A nota tinha uma função prática: representar o depósito de US$100 mil em ouro no Tesouro, sem a necessidade de transporte físico do metal. Funcionava como um instrumento contábil de altíssimo valor, exclusivo para transferências entre bancos centrais. Era uma solução temporária e restrita, criada para dar agilidade às operações financeiras de grande porte.

Visualmente, a cédula seguia o padrão das notas da época, medindo 152 x 66 mm. No anverso, trazia o retrato do presidente Woodrow Wilson e a certificação do valor em ouro. O verso, de cor laranja vibrante, exibia a inscrição "The United States of America – One Hundred Thousand Dollars" sobre um grande cifrão decorativo. As notas públicas costumam apresentar a marca "SPECIMEN", usada para fins educacionais.

Foram impressas cerca de 42.000 unidades. A maior parte foi destruída após cumprir sua função, restando hoje apenas exemplares desmonetizados em museus e acervos oficiais, como o Smithsonian Institution e os bancos do Federal Reserve de Nova York, Richmond e San Francisco. A posse particular é ilegal até hoje: a cédula foi criada exclusivamente para o governo e não pode ser comercializada ou mantida por cidadãos.

Apesar de tecnicamente ser considerada "legal tender", a nota de US$100 mil só era válida dentro do sistema oficial. Para o público comum, nunca teve utilidade prática — e nem chegou a ser vista em circulação. Por isso, não aparece em leilões, nem em coleções particulares, e se tornou uma peça quase lendária na história da moeda americana.

A nota de US$100 mil foi a maior denominação já impressa pelo governo dos EUA. Nem mesmo projetos internos previam cédulas de valor maior, como o rumor de uma nota de US$1 milhão, que nunca existiu para uso prático.

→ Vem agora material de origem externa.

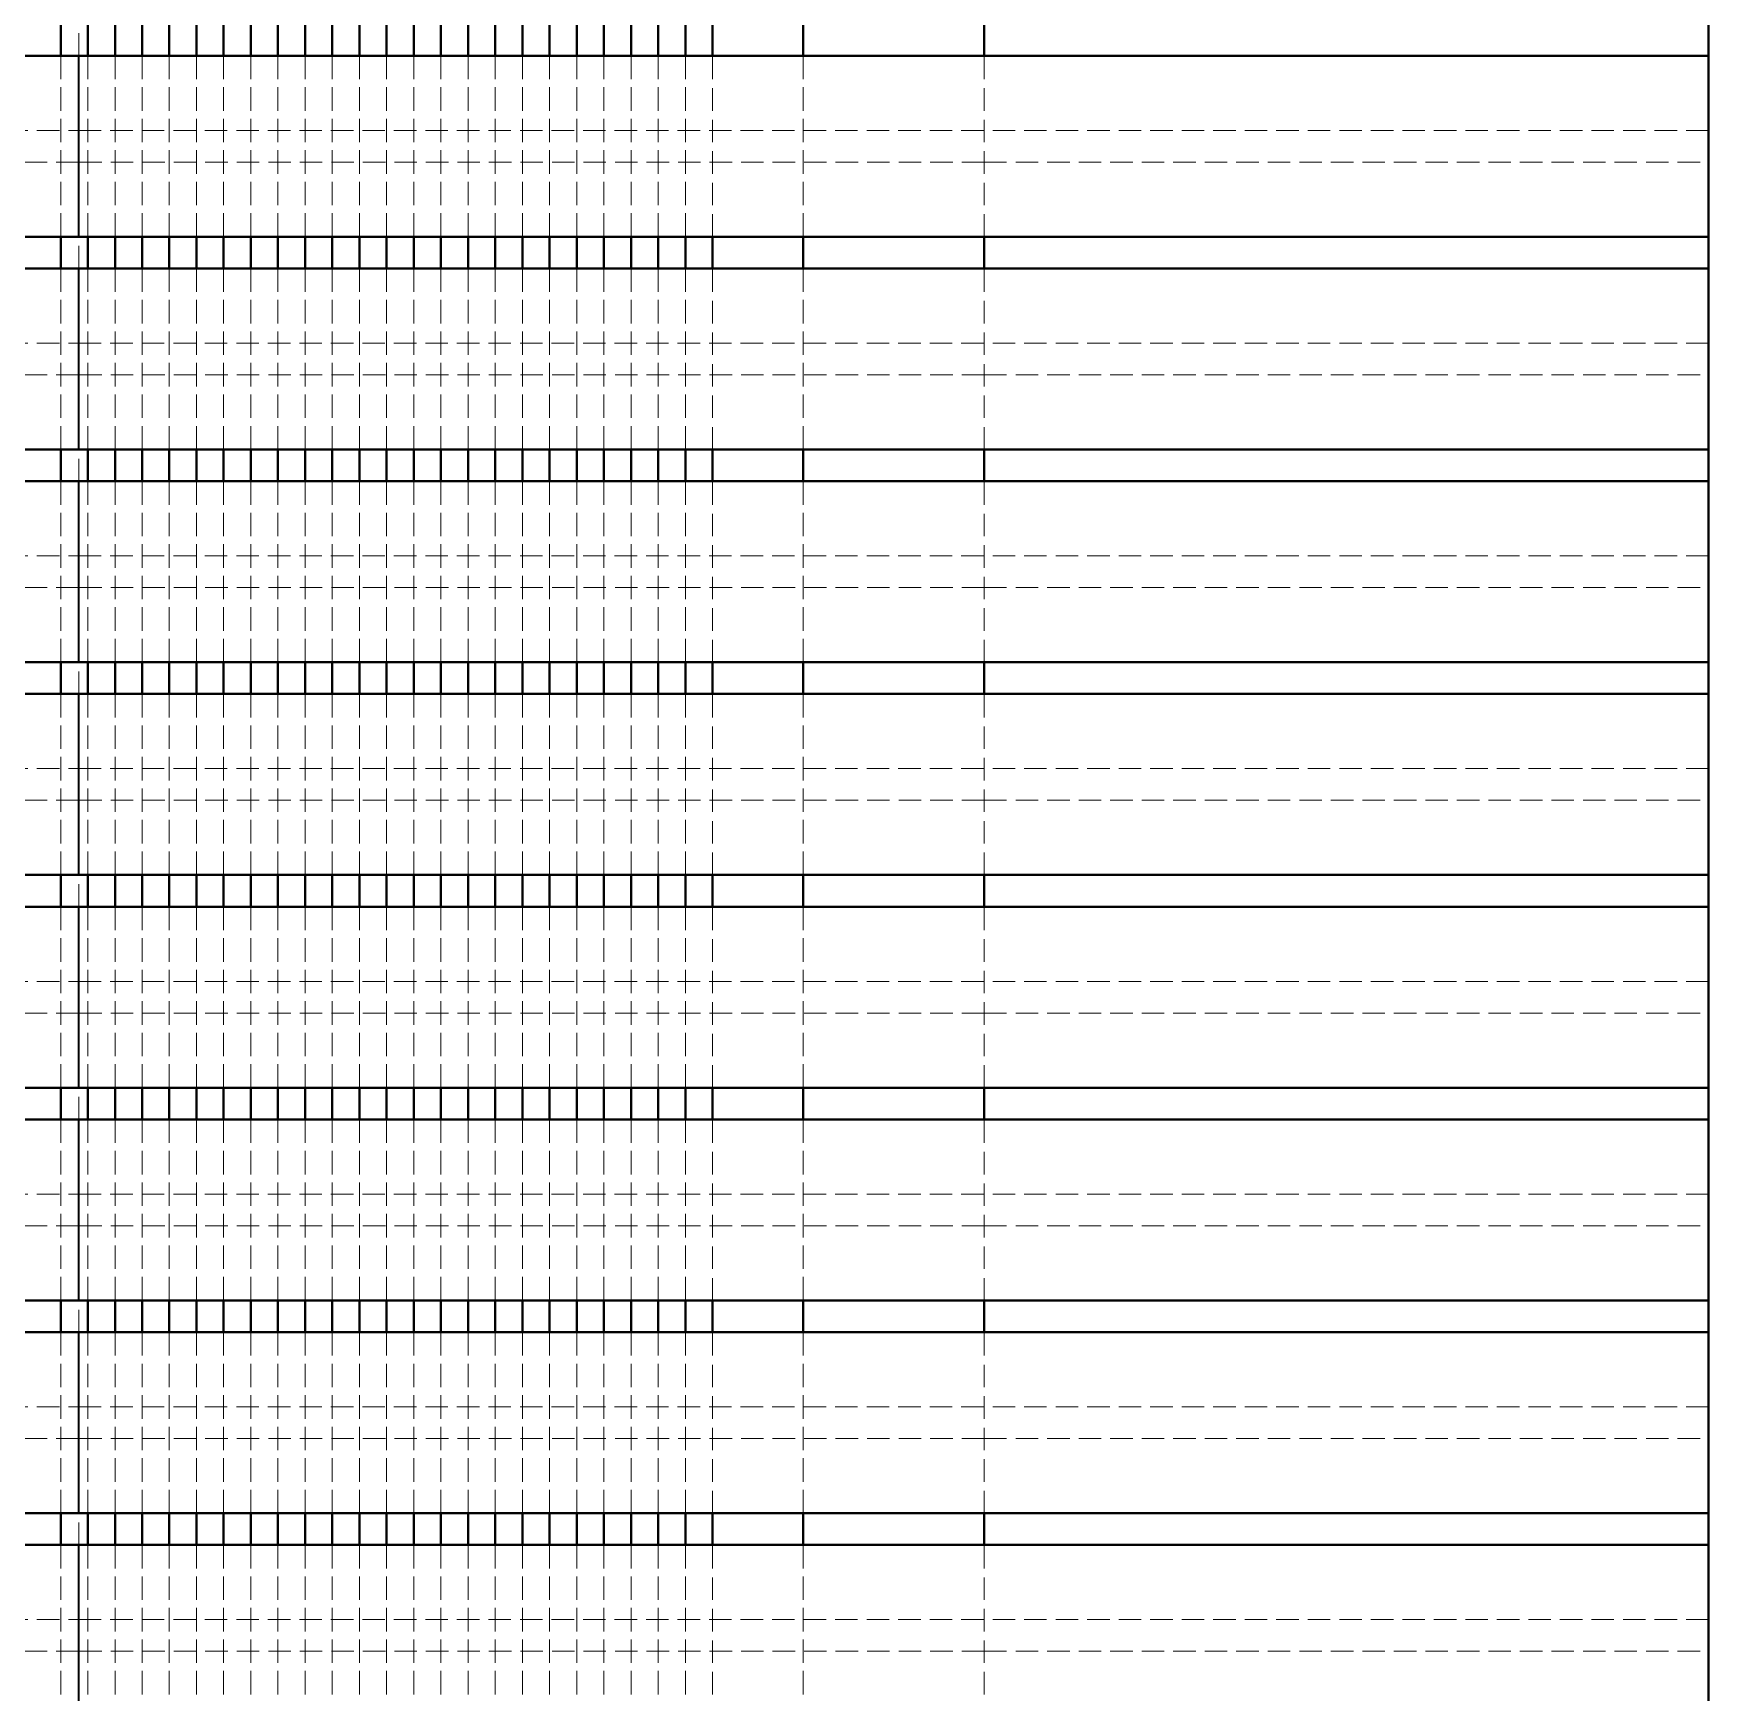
# Model space of a CAD drawing. Header units: millimetres. Extents: x 0 to 630, y 0 to 446.
# Drawn here: x 61.38 to 79.88, y 156.61 to 174.94 of the extents above; entities that cross this region are included whole.
import ezdxf

# ---------------------------------------------------------------- set-up
doc = ezdxf.new("R2010")
doc.units = ezdxf.units.MM
doc.header["$LTSCALE"] = 1.5
doc.linetypes.add('DASHED', pattern=[0.2067, 0.1654, -0.0413])
for name, color, linetype, lineweight, true_color in [('가려진 것(ISO)', 2, 'DASHED', 18, 0xffff00), ('가려진 좁은 것(ISO)', 2, 'DASHED', 18, 0xffff00), ('가시적인 것(ISO)', 3, 'Continuous', 40, 0x00ff00), ('가시적인 좁은 것(ISO)', 3, 'Continuous', 35, 0x00ff00)]:
    doc.layers.add(name, color=color, linetype=linetype, lineweight=lineweight, true_color=true_color)

msp = doc.modelspace()

# ---------------------------------------------------------------- linework, layer by layer
at = {"layer": '가려진 것(ISO)'}
for p, q in [((61.685, 174.694), (61.685, 172.694)), ((61.685, 172.694), (61.685, 174.694)), ((61.985, 174.694), (61.985, 172.694)), ((61.985, 172.694), (61.985, 174.694)), ((62.285, 174.694), (62.285, 172.694)), ((62.285, 172.694), (62.285, 174.694)), ((62.585, 174.694), (62.585, 172.694)), ((62.585, 172.694), (62.585, 174.694)), ((62.885, 174.694), (62.885, 172.694)), ((62.885, 172.694), (62.885, 174.694)), ((63.185, 174.694), (63.185, 172.694)), ((63.185, 172.694), (63.185, 174.694)), ((63.485, 174.694), (63.485, 172.694)), ((63.485, 172.694), (63.485, 174.694)), ((63.785, 174.694), (63.785, 172.694)), ((63.785, 172.694), (63.785, 174.694)), ((64.085, 174.694), (64.085, 172.694)), ((64.085, 172.694), (64.085, 174.694)), ((64.385, 174.694), (64.385, 172.694)), ((64.385, 172.694), (64.385, 174.694)), ((64.685, 174.694), (64.685, 172.694)), ((64.685, 172.694), (64.685, 174.694)), ((64.985, 174.694), (64.985, 172.694)), ((64.985, 172.694), (64.985, 174.694)), ((65.285, 174.694), (65.285, 172.694)), ((65.285, 172.694), (65.285, 174.694)), ((65.585, 174.694), (65.585, 172.694)), ((65.585, 172.694), (65.585, 174.694)), ((65.885, 174.694), (65.885, 172.694)), ((65.885, 172.694), (65.885, 174.694)), ((66.185, 174.694), (66.185, 172.694)), ((66.185, 172.694), (66.185, 174.694)), ((66.485, 174.694), (66.485, 172.694)), ((66.485, 172.694), (66.485, 174.694)), ((66.785, 174.694), (66.785, 172.694)), ((66.785, 172.694), (66.785, 174.694)), ((67.085, 174.694), (67.085, 172.694)), ((67.085, 172.694), (67.085, 174.694)), ((67.385, 174.694), (67.385, 172.694)), ((67.385, 172.694), (67.385, 174.694)), ((67.685, 174.694), (67.685, 172.694)), ((67.685, 172.694), (67.685, 174.694)), ((67.985, 174.694), (67.985, 172.694)), ((67.985, 172.694), (67.985, 174.694)), ((68.285, 174.694), (68.285, 172.694)), ((68.285, 172.694), (68.285, 174.694)), ((68.585, 174.694), (68.585, 172.694)), ((68.585, 172.694), (68.585, 174.694)), ((68.885, 172.694), (68.885, 174.694)), ((69.885, 172.694), (69.885, 174.694)), ((69.885, 174.694), (69.885, 172.694)), ((61.685, 172.344), (61.685, 170.344)), ((61.685, 170.344), (61.685, 172.344)), ((61.985, 172.344), (61.985, 170.344)), ((61.985, 170.344), (61.985, 172.344)), ((62.285, 172.344), (62.285, 170.344)), ((62.285, 170.344), (62.285, 172.344)), ((62.585, 172.344), (62.585, 170.344)), ((62.585, 170.344), (62.585, 172.344)), ((62.885, 172.344), (62.885, 170.344)), ((62.885, 170.344), (62.885, 172.344)), ((63.185, 172.344), (63.185, 170.344)), ((63.185, 170.344), (63.185, 172.344)), ((63.485, 172.344), (63.485, 170.344)), ((63.485, 170.344), (63.485, 172.344)), ((63.785, 172.344), (63.785, 170.344)), ((63.785, 170.344), (63.785, 172.344)), ((64.085, 172.344), (64.085, 170.344)), ((64.085, 170.344), (64.085, 172.344)), ((64.385, 172.344), (64.385, 170.344)), ((64.385, 170.344), (64.385, 172.344)), ((64.685, 172.344), (64.685, 170.344)), ((64.685, 170.344), (64.685, 172.344)), ((64.985, 172.344), (64.985, 170.344)), ((64.985, 170.344), (64.985, 172.344)), ((65.285, 172.344), (65.285, 170.344)), ((65.285, 170.344), (65.285, 172.344)), ((65.585, 172.344), (65.585, 170.344)), ((65.585, 170.344), (65.585, 172.344)), ((65.885, 172.344), (65.885, 170.344)), ((65.885, 170.344), (65.885, 172.344)), ((66.185, 172.344), (66.185, 170.344)), ((66.185, 170.344), (66.185, 172.344)), ((66.485, 172.344), (66.485, 170.344)), ((66.485, 170.344), (66.485, 172.344)), ((66.785, 172.344), (66.785, 170.344)), ((66.785, 170.344), (66.785, 172.344)), ((67.085, 172.344), (67.085, 170.344)), ((67.085, 170.344), (67.085, 172.344)), ((67.385, 172.344), (67.385, 170.344)), ((67.385, 170.344), (67.385, 172.344)), ((67.685, 172.344), (67.685, 170.344)), ((67.685, 170.344), (67.685, 172.344)), ((67.985, 172.344), (67.985, 170.344)), ((67.985, 170.344), (67.985, 172.344)), ((68.285, 172.344), (68.285, 170.344)), ((68.285, 170.344), (68.285, 172.344)), ((68.585, 172.344), (68.585, 170.344)), ((68.585, 170.344), (68.585, 172.344)), ((68.885, 170.344), (68.885, 172.344)), ((69.885, 170.344), (69.885, 172.344)), ((69.885, 172.344), (69.885, 170.344)), ((61.685, 169.994), (61.685, 167.994)), ((61.685, 167.994), (61.685, 169.994)), ((61.985, 169.994), (61.985, 167.994)), ((61.985, 167.994), (61.985, 169.994)), ((62.285, 169.994), (62.285, 167.994)), ((62.285, 167.994), (62.285, 169.994)), ((62.585, 169.994), (62.585, 167.994)), ((62.585, 167.994), (62.585, 169.994)), ((62.885, 169.994), (62.885, 167.994)), ((62.885, 167.994), (62.885, 169.994)), ((63.185, 169.994), (63.185, 167.994)), ((63.185, 167.994), (63.185, 169.994)), ((63.485, 169.994), (63.485, 167.994)), ((63.485, 167.994), (63.485, 169.994)), ((63.785, 169.994), (63.785, 167.994)), ((63.785, 167.994), (63.785, 169.994)), ((64.085, 169.994), (64.085, 167.994)), ((64.085, 167.994), (64.085, 169.994)), ((64.385, 169.994), (64.385, 167.994)), ((64.385, 167.994), (64.385, 169.994)), ((64.685, 169.994), (64.685, 167.994)), ((64.685, 167.994), (64.685, 169.994)), ((64.985, 169.994), (64.985, 167.994)), ((64.985, 167.994), (64.985, 169.994)), ((65.285, 169.994), (65.285, 167.994)), ((65.285, 167.994), (65.285, 169.994)), ((65.585, 169.994), (65.585, 167.994)), ((65.585, 167.994), (65.585, 169.994)), ((65.885, 169.994), (65.885, 167.994)), ((65.885, 167.994), (65.885, 169.994)), ((66.185, 169.994), (66.185, 167.994)), ((66.185, 167.994), (66.185, 169.994)), ((66.485, 169.994), (66.485, 167.994)), ((66.485, 167.994), (66.485, 169.994)), ((66.785, 169.994), (66.785, 167.994)), ((66.785, 167.994), (66.785, 169.994)), ((67.085, 169.994), (67.085, 167.994)), ((67.085, 167.994), (67.085, 169.994)), ((67.385, 169.994), (67.385, 167.994)), ((67.385, 167.994), (67.385, 169.994)), ((67.685, 169.994), (67.685, 167.994)), ((67.685, 167.994), (67.685, 169.994)), ((67.985, 169.994), (67.985, 167.994)), ((67.985, 167.994), (67.985, 169.994)), ((68.285, 169.994), (68.285, 167.994)), ((68.285, 167.994), (68.285, 169.994)), ((68.585, 169.994), (68.585, 167.994)), ((68.585, 167.994), (68.585, 169.994)), ((68.885, 167.994), (68.885, 169.994)), ((69.885, 167.994), (69.885, 169.994)), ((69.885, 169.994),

A escolha de Wilson para ilustrar a cédula também chamou atenção: foi a única vez que um presidente falecido antes da emissão estampou uma nota de tão alto valor.

Enquanto a cédula de US$100 mil ficou restrita ao governo, outras notas de grande valor circularam entre o público, como as de US$10.000 (com Salmon P. Chase), US$5.000 (James Madison), US$1.000 (Grover Cleveland) e US$500 (William McKinley). Todas deixaram de ser emitidas em 1945 e foram oficialmente retiradas de circulação em 1969, com o avanço das transferências eletrônicas. Hoje, restam apenas alguns exemplares em coleções e museus.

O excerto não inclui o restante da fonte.